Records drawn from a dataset
════

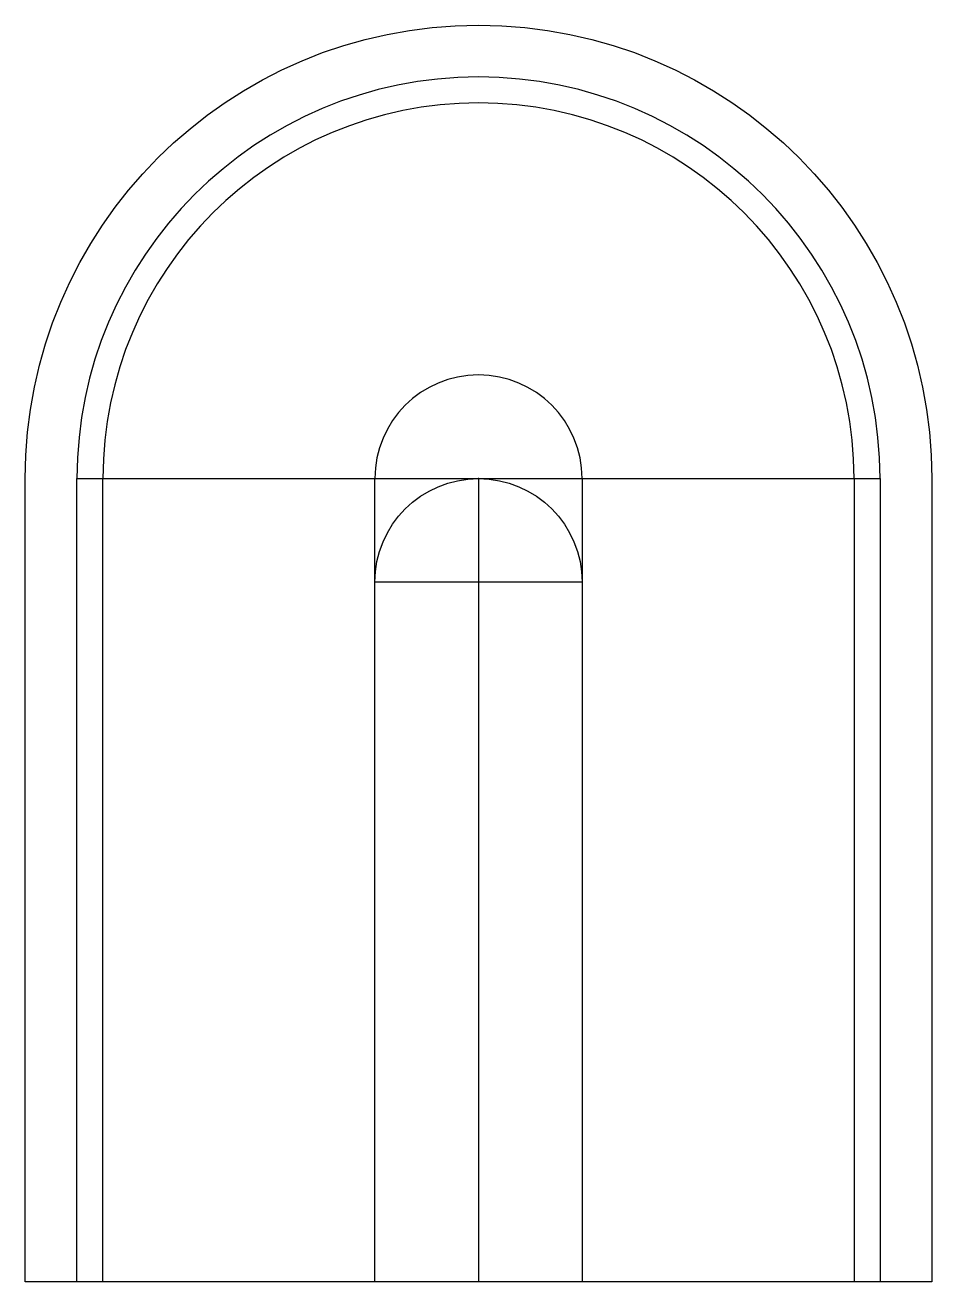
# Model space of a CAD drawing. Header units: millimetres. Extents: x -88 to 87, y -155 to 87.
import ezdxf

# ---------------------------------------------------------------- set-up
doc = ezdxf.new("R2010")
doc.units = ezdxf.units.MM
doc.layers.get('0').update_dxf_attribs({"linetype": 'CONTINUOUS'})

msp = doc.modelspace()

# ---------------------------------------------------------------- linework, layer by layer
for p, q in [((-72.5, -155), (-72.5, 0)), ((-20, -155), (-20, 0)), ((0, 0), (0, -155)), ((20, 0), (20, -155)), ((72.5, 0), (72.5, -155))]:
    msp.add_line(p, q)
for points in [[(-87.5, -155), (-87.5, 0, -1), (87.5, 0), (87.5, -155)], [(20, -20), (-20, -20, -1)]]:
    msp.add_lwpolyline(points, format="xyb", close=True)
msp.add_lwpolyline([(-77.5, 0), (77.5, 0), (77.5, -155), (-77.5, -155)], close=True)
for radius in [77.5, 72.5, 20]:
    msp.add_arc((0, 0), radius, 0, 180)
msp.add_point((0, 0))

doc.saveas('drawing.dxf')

════

** Exercise description **
From the entries, report each line that includes the word "True".

** Exercise result **
    msp.add_lwpolyline(points, format="xyb", close=True)
msp.add_lwpolyline([(-77.5, 0), (77.5, 0), (77.5, -155), (-77.5, -155)], close=True)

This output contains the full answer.